Supply Chain Optimization is delivered through the integration of sales and operations planning. This includes demand and supply planning harmonized through a monthly S&OP process; Trade Promotion Management, which combines external and internal business planning capabilities, and the ability to leverage integrated insights to drive better decision making through the organization.
So, once you’ve got the sales and operations planning process and data analytics sorted out, then we’re into the management of forecast orders.
Your order management system needs to be able to accept orders from multiple channels, whether innate or third party. It should encompass customer service, external sales teams, and customer facing order entry options. This means it needs to be device, operating system and form factor agnostic in order to accept multiple source inputs and provide real time information validated by an ERP. Ideally it allows for customer driven order entry (thus reducing potential for double entries) on a BYO device.
Value adds for customer driven order entry might include complementary and suggested products to augment customer orders, and extensive product and price guides. Internally, the capability for advanced pricing and margin analysis.
From a tracking standpoint, your order management system should improve traceability down to product lot level. This enables things such as food safety compliance, for example country of origin and harvest locations. Product information needs to be aligned to local item codes, with real time notification of changes. Tracking can be made down to case-level delivery intelligence that includes time, date and location stamping.

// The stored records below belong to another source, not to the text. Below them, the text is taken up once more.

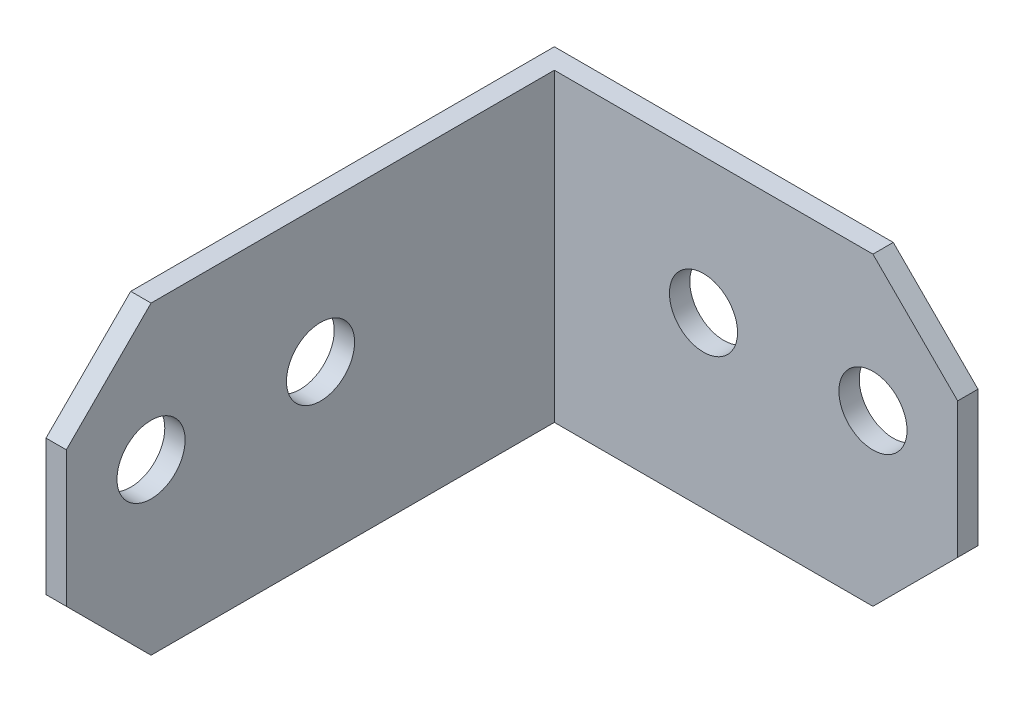
SolidWorks part; units mm, degrees
ref_plane "Front Plane" through (0, 0, 0) normal (0, 0, 1) x (1, 0, 0)
ref_plane "Top Plane" through (0, 0, 0) normal (0, 1, 0) x (1, 0, 0)
ref_plane "Right Plane" through (0, 0, 0) normal (1, 0, 0) x (0, 0, -1)
sketch "Sketch1" plane through (0, 0, 0) normal (0, 1, 0) x (1, 0, 0)
  line L0 (0, 0) -> (0, 38.1)
  line L1 (0, 38.1) -> (31.75, 38.1)
  line L2 (31.75, 38.1) -> (31.75, 36.576)
  line L3 (31.75, 36.576) -> (1.524, 36.576)
  line L4 (1.524, 36.576) -> (1.524, 0)
  line L5 (1.524, 0) -> (0, 0)
  dimension "D1" = 31.75
  dimension "D2" = 38.1
  dimension "D3" = 1.524
  dimension "D4" = 1.524
extrude "Boss-Extrude1" add sketch "Sketch1" along normal blind 22.86
sketch "Sketch2" plane through (1.524, 0, 0) normal (1, 0, 0) x (0, 0, -1)
  line L0 (0, 22.86) -> (36.576, 22.86) construction
  line L1 (38.1, 22.86) -> (38.1, 0) construction
  circle A0 centre (6.35, 12.7) radius 2.5527
  circle A1 centre (19.05, 12.7) radius 2.5527
  dimension "D1" = 5.1054
  dimension "D2" = 5.1054
  dimension "D3" = 10.16
  dimension "D4" = 12.7
  dimension "D5" = 10.16
  dimension "D6" = 19.05
sketch "Sketch3" plane through (0, 0, -36.576) normal (0, 0, 1) x (1, 0, 0)
  line L0 (1.524, 22.86) -> (31.75, 22.86) construction
  line L1 (0, 22.86) -> (0, 0) construction
  circle A0 centre (25.4, 12.7) radius 2.5527
  circle A1 centre (12.7, 12.7) radius 2.5527
  dimension "D1" = 5.1054
  dimension "D2" = 5.1054
  dimension "D3" = 10.16
  dimension "D4" = 10.16
  dimension "D5" = 12.7
  dimension "D6" = 12.7
extrude "Cut-Extrude1" cut sketch "Sketch2" against normal through all
extrude "Cut-Extrude2" cut sketch "Sketch3" against normal through all
chamfer "Chamfer1" distance 6.35 angle 45 4 edges at (0.762, 0, 0) (31.75, 0, -37.338) (0.762, 22.86, 0) (31.75, 22.86, -37.338)

All of this should ultimately assist with rapid pacing your warehouse velocity and optimizing demand replenishment. By tracking delivery activity from warehouse to recipient customer enquiries are reduced, whether to your call center or to the sales team. You should be able to see, in real time, order adjustments, returns, credits, cash and driver performance and delivery status as well as delays, damaged products and late orders.
These things were already requirements in the physical store dominated world. Now in the age of digital commerce and orders from any channel for delivery to anywhere, your order management system needs to allow for multiple input sources and channels. But the overarching principles of order management excellence remain the same.